Sunday, July 01, 2007

Prayer

As I discussed in my previous post, prayer is not for the benefit of the person being prayed for. Science has proven that prayer has no effect on the person being prayed for. Prayer is really for the benefit of the person doing the praying, and that’s why it persists. Prayer is a comfort, based on the illusion that in the face of this cold and pitiless universe, this vale of tears, one has some sort of recourse. One can plead for forgiveness, for redemption, for justice, would somebody give me a break here!

Interesting that the religious, who tend to argue that God is all-powerful and His motives are unknowable, should cultivate the belief that God can be swayed by fervent prayer, ideally by many people praying for the same outcome at the same time. Even more absurd, that God can be swayed by his Son tugging at his cape…

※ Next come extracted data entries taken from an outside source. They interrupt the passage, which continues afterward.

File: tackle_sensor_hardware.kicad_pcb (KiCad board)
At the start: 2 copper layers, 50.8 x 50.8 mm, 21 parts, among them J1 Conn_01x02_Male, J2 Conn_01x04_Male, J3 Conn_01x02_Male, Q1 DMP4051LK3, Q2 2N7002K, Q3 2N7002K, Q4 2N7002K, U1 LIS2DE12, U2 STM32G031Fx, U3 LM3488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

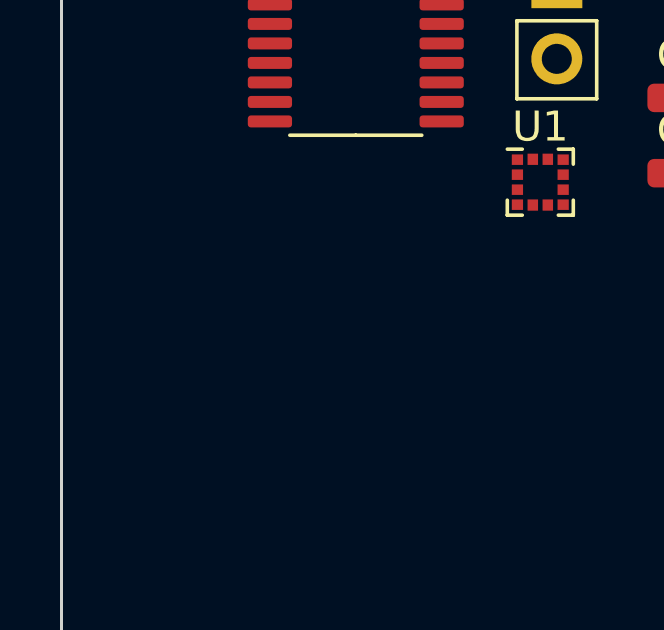
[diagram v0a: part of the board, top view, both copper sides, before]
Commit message: (WIP) added prog header to schematic and added some WIP notes.
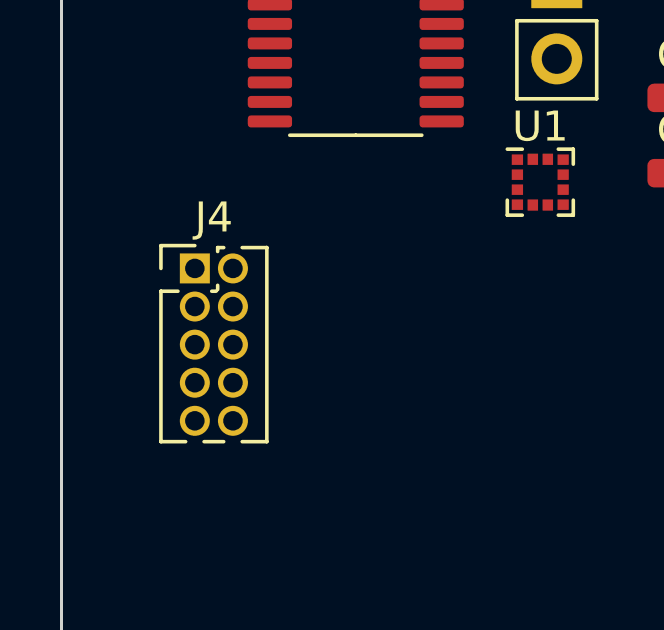
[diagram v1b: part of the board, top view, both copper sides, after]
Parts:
- added J4: Conn_ARM_JTAG_SWD_10, Connector_PinHeader_1.27mm:PinHeader_2x05_P1.27mm_Vertical, F.Cu at (125.1, 98.4)
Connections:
- U2 pad 18: unconnected-(U2-Pad18) -> /SWDIO
- U2 pad 19: unconnected-(U2-Pad19) -> /SWCLK
- U2 pad 6: unconnected-(U2-Pad6) -> /RST

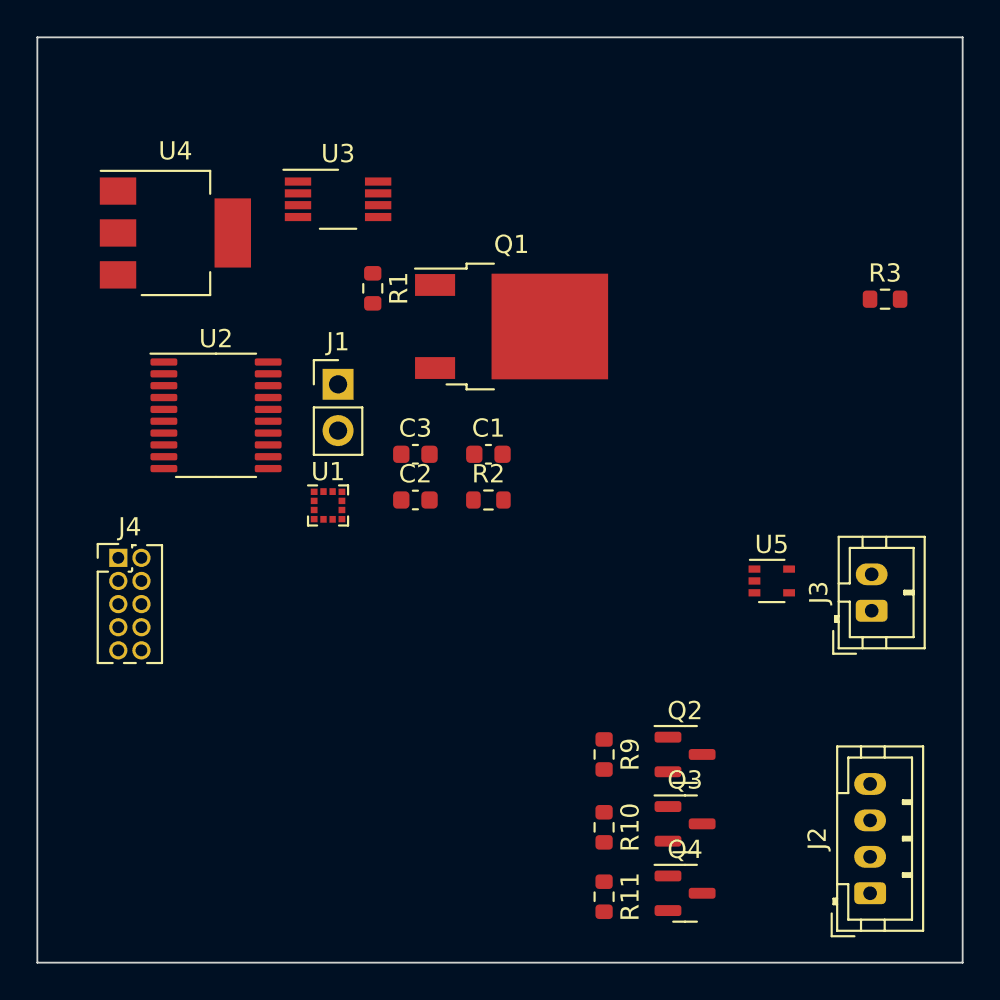
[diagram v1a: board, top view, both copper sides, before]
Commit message: added mounting holes
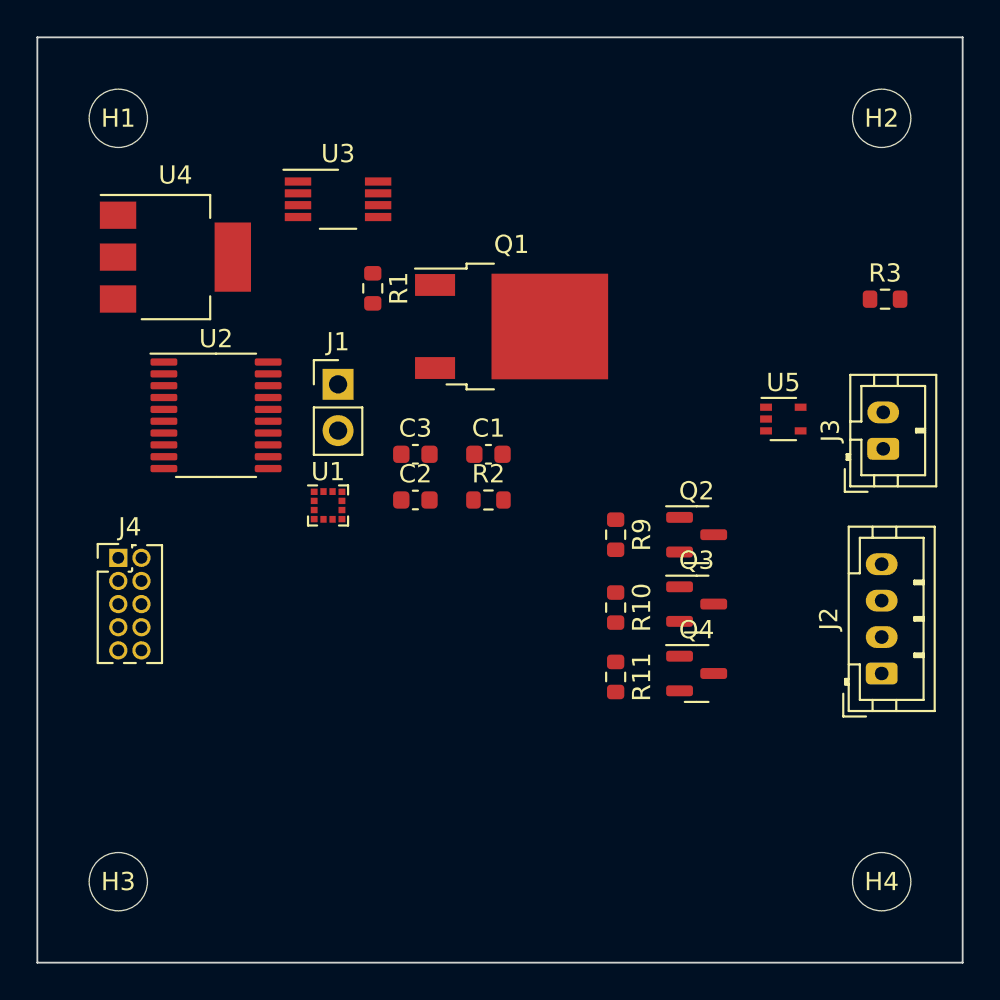
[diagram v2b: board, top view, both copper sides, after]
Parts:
- added H1: MountingHole, MountingHole:MountingHole_3.2mm_M3, F.Cu at (125.1, 74.3)
- added H2: MountingHole, MountingHole:MountingHole_3.2mm_M3, F.Cu at (167.0, 74.3)
- added H3: MountingHole, MountingHole:MountingHole_3.2mm_M3, F.Cu at (125.1, 116.2)
- added H4: MountingHole, MountingHole:MountingHole_3.2mm_M3, F.Cu at (167.0, 116.2)
- moved R10 12.1 mm to (152.4, 101.2)
- moved R11 12.1 mm to (152.4, 105.0)
- moved R9 12.1 mm to (152.4, 97.2)
- moved J2 12.1 mm to (167.0, 104.8)
- moved Q2 12.1 mm to (156.8, 97.2)
- moved Q3 12.1 mm to (156.8, 101.0)
- moved Q4 12.1 mm to (156.8, 104.8)
- moved J3 8.91 mm to (167.1, 92.4)
- moved U5 8.91 mm to (161.6, 90.8)
- moved U4 1.33 mm to (128.2, 81.9)
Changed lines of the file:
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@@
     )
+  )
+  (footprint "MountingHole:MountingHole_3.2mm_M3" (layer "F.Cu")
+    (at 125.095 116.205)
+    (descr "Mounting Hole 3.2mm, no annular, M3")
+    (tags "mounting hole 3.2mm no annular m3")
+    (property "Sheetfile" "tackle_sensor_hardware.kicad_sch")
+    (property "Sheetname" "")
+    (attr exclude_from_pos_files)
+    (fp_text reference "H3" (at 0 0) (layer "F.SilkS")
+      (effects (font (size 1 1) (thickness 0.15)))
+    )
+    (fp_text value "MountingHole" (at 0 4.2) (layer "F.Fab")
+      (effects (font (size 1 1) (thickness 0.15)))
+    )
+    (fp_text user "${REFERENCE}" (at 0.3 0) (layer "F.Fab")
+      (effects (font (size 1 1) (thickness 0.15)))
+    )
+    (fp_circle (center 0 0) (end 3.2 0) (layer "Cmts.User") (width 0.15) (fill none))
+    (fp_circle (center 0 0) (end 3.45 0) (layer "F.CrtYd") (width 0.05) (fill none))
+    (pad "" np_thru_hole circle (at 0 0) (size 3.2 3.2) (drill 3.2) (layers *.Cu *.Mask))
   )
   (footprint "Connector_JST:JST_PH_B4B-PH-K_1x04_P2.00mm_Vertical" (layer "F.Cu")
-    (at 166.37 116.84 90)
+    (at 167.005 104.775 90)
     (descr "JST PH series connector, B4B-PH-K (http://www.jst-mfg.com/product/pdf/eng/ePH.pdf), generated with kicad-footprint-generator")
     (tags "connector JST PH side entry")
@@
     )
   )
+  (footprint "MountingHole:MountingHole_3.2mm_M3" (layer "F.Cu")
+    (at 167.005 116.205)
+    (descr "Mounting Hole 3.2mm, no annular, M3")
+    (tags "mounting hole 3.2mm no annular m3")
+    (property "Sheetfile" "tackle_sensor_hardware.kicad_sch")
+    (property "Sheetname" "")
+    (attr exclude_from_pos_files)
+    (fp_text reference "H4" (at 0 0) (layer "F.SilkS")
+      (effects (font (size 1 1) (thickness 0.15)))
+    )
+    (fp_text value "MountingHole" (at 0 4.2) (layer "F.Fab")
+      (effects (font (size 1 1) (thickness 0.15)))
+    )
+    (fp_text user "${REFERENCE}" (at 0.3 0) (layer "F.Fab")
+      (effects (font (size 1 1) (thickness 0.15)))
+    )
+    (fp_circle (center 0 0) (end 3.2 0) (layer "Cmts.User") (width 0.15) (fill none))
+    (fp_circle (center 0 0) (end 3.45 0) (layer "F.CrtYd") (width 0.05) (fill none))
+    (pad "" np_thru_hole circle (at 0 0) (size 3.2 3.2) (drill 3.2) (layers *.Cu *.Mask))
+  )
   (footprint "Package_TO_SOT_SMD:SOT-23" (layer "F.Cu")
-    (at 156.21 113.03)
+    (at 156.845 100.965)
     (descr "SOT, 3 Pin (https://www.jedec.org/system/files/docs/to-236h.pdf variant AB), generated with kicad-footprint-generator ipc_gullwing_generator.py")
     (tags "SOT TO_SOT_SMD")
@@
   )
   (footprint "Package_TO_SOT_SMD:SOT-23" (layer "F.Cu")
-    (at 156.21 109.22)
+    (at 156.845 97.155)
     (descr "SOT, 3 Pin (https://www.jedec.org/system/files/docs/to-236h.pdf variant AB), generated with kicad-footprint-generator ipc_gullwing_generator.py")
     (tags "SOT TO_SOT_SMD")
@@
   )
   (footprint "Connector_JST:JST_PH_B2B-PH-K_1x02_P2.00mm_Vertical" (layer "F.Cu")
-    (at 166.455 101.33 90)
+    (at 167.09 92.44 90)
     (descr "JST PH series connector, B2B-PH-K (http://www.jst-mfg.com/product/pdf/eng/ePH.pdf), generated with kicad-footprint-generator")
     (tags "connector JST PH side entry")
@@
   )
   (footprint "Resistor_SMD:R_0603_1608Metric" (layer "F.Cu")
-    (at 151.765 117.03 -90)
+    (at 152.4 104.965 -90)
     (descr "Resistor SMD 0603 (1608 Metric), square (rectangular) end terminal, IPC_7351 nominal, (Body size source: IPC-SM-782 page 72, https://www.pcb-3d.com/wordpress/wp-content/uploads/ipc-sm-782a_amendment_1_and_2.pdf), generated with kicad-footprint-generator")
     (tags "resistor")
@@
   )
   (footprint "Resistor_SMD:R_0603_1608Metric" (layer "F.Cu")
-    (at 151.765 109.22 -90)
+    (at 152.4 97.155 -90)
     (descr "Resistor SMD 0603 (1608 Metric), square (rectangular) end terminal, IPC_7351 nominal, (Body size source: IPC-SM-782 page 72, https://www.pcb-3d.com/wordpress/wp-content/uploads/ipc-sm-782a_amendment_1_and_2.pdf), generated with kicad-footprint-generator")
     (tags "resistor")
@@
   )
   (footprint "Package_TO_SOT_SMD:SOT-353_SC-70-5" (layer "F.Cu")
-    (at 160.97 99.695)
+    (at 161.605 90.805)
     (descr "SOT-353, SC-70-5")
     (tags "SOT-353 SC-70-5")
@@
   )
   (footprint "Package_TO_SOT_SMD:SOT-223-3_TabPin2" (layer "F.Cu")
-    (at 128.23 80.59)
+    (at 128.23 81.915)
     (descr "module CMS SOT223 4 pins")
     (tags "CMS SOT")
@@
     )
   )
+  (footprint "MountingHole:MountingHole_3.2mm_M3" (layer "F.Cu")
+    (at 167.005 74.295)
+    (descr "Mounting Hole 3.2mm, no annular, M3")
+    (tags "mounting hole 3.2mm no annular m3")
+    (property "Sheetfile" "tackle_sensor_hardware.kicad_sch")
+    (property "Sheetname" "")
+    (attr exclude_from_pos_files)
+    (fp_text reference "H2" (at 0 0) (layer "F.SilkS")
+      (effects (font (size 1 1) (thickness 0.15)))
+    )
+    (fp_text value "MountingHole" (at 0 4.2) (layer "F.Fab")
+      (effects (font (size 1 1) (thickness 0.15)))
+    )
+    (fp_text user "${REFERENCE}" (at 0.3 0) (layer "F.Fab")
+      (effects (font (size 1 1) (thickness 0.15)))
+    )
+    (fp_circle (center 0 0) (end 3.2 0) (layer "Cmts.User") (width 0.15) (fill none))
+    (fp_circle (center 0 0) (end 3.45 0) (layer "F.CrtYd") (width 0.05) (fill none))
+    (pad "" np_thru_hole circle (at 0 0) (size 3.2 3.2) (drill 3.2) (layers *.Cu *.Mask))
+  )
   (footprint "Resistor_SMD:R_0603_1608Metric" (layer "F.Cu")
-    (at 151.765 113.22 -90)
+    (at 152.4 101.155 -90)
     (descr "Resistor SMD 0603 (1608 Metric), square (rectangular) end terminal, IPC_7351 nominal, (Body size source: IPC-SM-782 page 72, https://www.pcb-3d.com/wordpress/wp-content/uploads/ipc-sm-782a_amendment_1_and_2.pdf), generated with kicad-footprint-generator")
     (tags "resistor")
@@
     )
   )
+  (footprint "MountingHole:MountingHole_3.2mm_M3" (layer "F.Cu")
+    (at 125.095 74.295)
+    (descr "Mounting Hole 3.2mm, no annular, M3")
+    (tags "mounting hole 3.2mm no annular m3")
+    (property "Sheetfile" "tackle_sensor_hardware.kicad_sch")
+    (property "Sheetname" "")
+    (attr exclude_from_pos_files)
+    (fp_text reference "H1" (at 0 0) (layer "F.SilkS")
+      (effects (font (size 1 1) (thickness 0.15)))
+    )
+    (fp_text value "MountingHole" (at 0 4.2) (layer "F.Fab")
+      (effects (font (size 1 1) (thickness 0.15)))
+    )
+    (fp_text user "${REFERENCE}" (at 0.3 0) (layer "F.Fab")
+      (effects (font (size 1 1) (thickness 0.15)))
+    )
+    (fp_circle (center 0 0) (end 3.2 0) (layer "Cmts.User") (width 0.15) (fill none))
+    (fp_circle (center 0 0) (end 3.45 0) (layer "F.CrtYd") (width 0.05) (fill none))
+    (pad "" np_thru_hole circle (at 0 0) (size 3.2 3.2) (drill 3.2) (layers *.Cu *.Mask))
+  )
   (footprint "Package_TO_SOT_SMD:SOT-23" (layer "F.Cu")
-    (at 156.21 116.84)
+    (at 156.845 104.775)
     (descr "SOT, 3 Pin (https://www.jedec.org/system/files/docs/to-236h.pdf variant AB), generated with kicad-footprint-generator ipc_gullwing_generator.py")
     (tags "SOT TO_SOT_SMD")

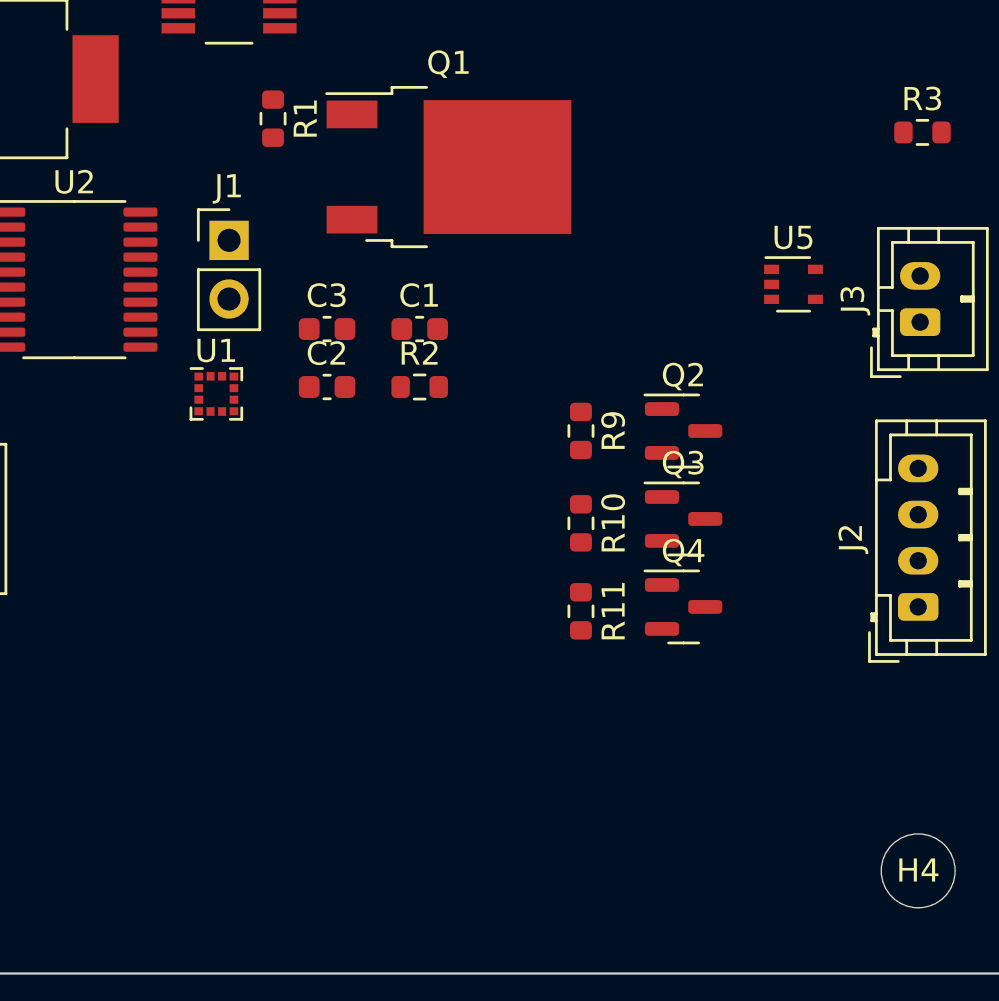
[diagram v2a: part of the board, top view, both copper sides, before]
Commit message: added on-board LEDs
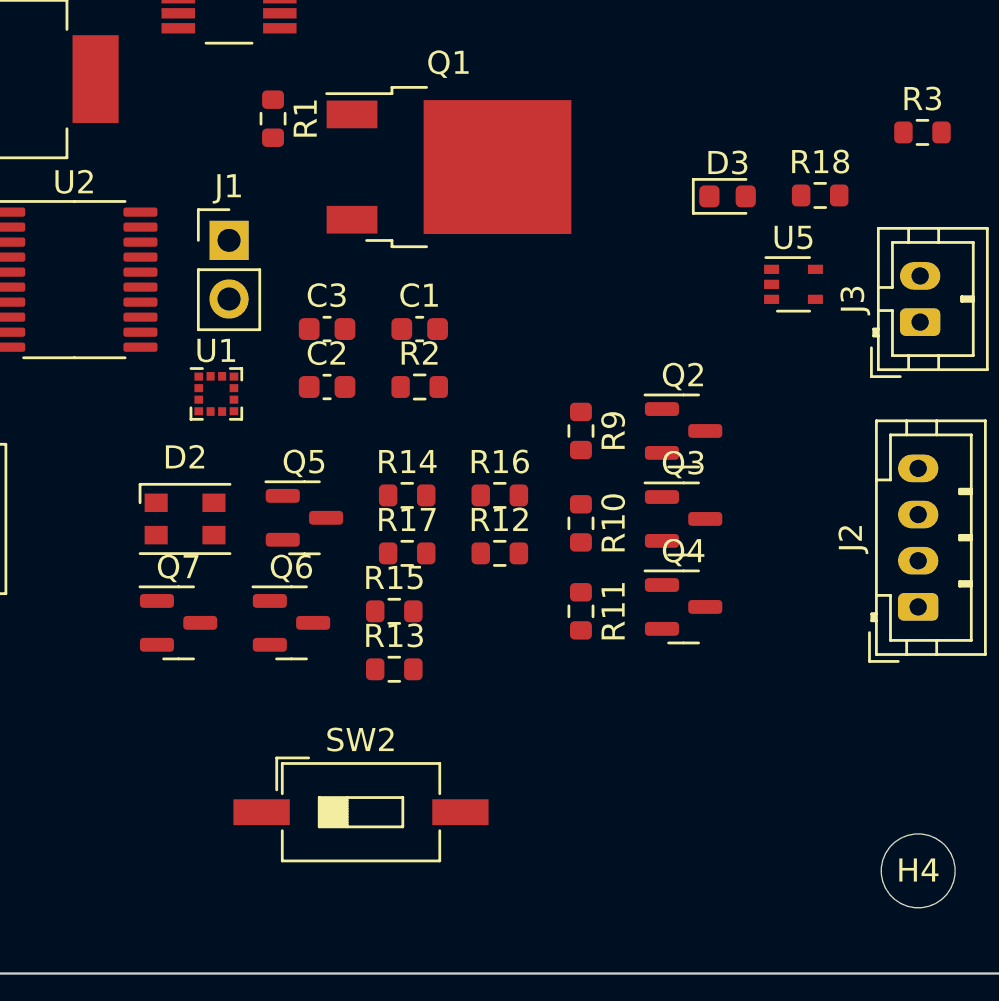
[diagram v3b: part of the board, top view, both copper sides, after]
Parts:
- added D2: CLV1A-FKB-CK1VW1DE1BB7C3C3, LED_SMD:LED_Cree-PLCC4_3.2x2.8mm_CCW, F.Cu at (135.3, 101.0)
- added D3: LED, LED_SMD:LED_0603_1608Metric, F.Cu at (158.8, 87.0)
- added Q5: 2N7002K, Package_TO_SOT_SMD:SOT-23, F.Cu at (140.4, 100.9)
- added Q6: 2N7002K, Package_TO_SOT_SMD:SOT-23, F.Cu at (139.9, 105.5)
- added Q7: 2N7002K, Package_TO_SOT_SMD:SOT-23, F.Cu at (135.0, 105.5)
- added R12: 10k, Resistor_SMD:R_0603_1608Metric, F.Cu at (148.9, 102.5)
- added R13: 1k, Resistor_SMD:R_0603_1608Metric, F.Cu at (144.3, 107.5)
- added R14: 10k, Resistor_SMD:R_0603_1608Metric, F.Cu at (144.9, 99.9)
- added R15: 1k, Resistor_SMD:R_0603_1608Metric, F.Cu at (144.3, 105.0)
- added R16: 10k, Resistor_SMD:R_0603_1608Metric, F.Cu at (148.9, 99.9)
- added R17: 1k, Resistor_SMD:R_0603_1608Metric, F.Cu at (144.9, 102.5)
- added R18: 1k, Resistor_SMD:R_0603_1608Metric, F.Cu at (162.8, 87.0)
- added SW2: SW_DIP_x01, Button_Switch_SMD:SW_DIP_SPSTx01_Slide_6.7x4.1mm_W8.61mm_P2.54mm_LowProfile, F.Cu at (142.9, 113.7)

But to reiterate, one of my goals in this blog is to examine the human motivations for religious behaviours. I think we will find, as with prayer, that there’s a fairly sensible basis for every religious belief – although it’s rarely the one given by the religious themselves… And while religious beliefs appear to many to be quite irrational because they are driven by the emotions rather than the intellect, I think we’ll also find that emotion and instinct has its own rationale and its own intelligence.

I think we’ll also find that the power of religious myth is that it points to realities that science appears as yet to be only dimly aware of…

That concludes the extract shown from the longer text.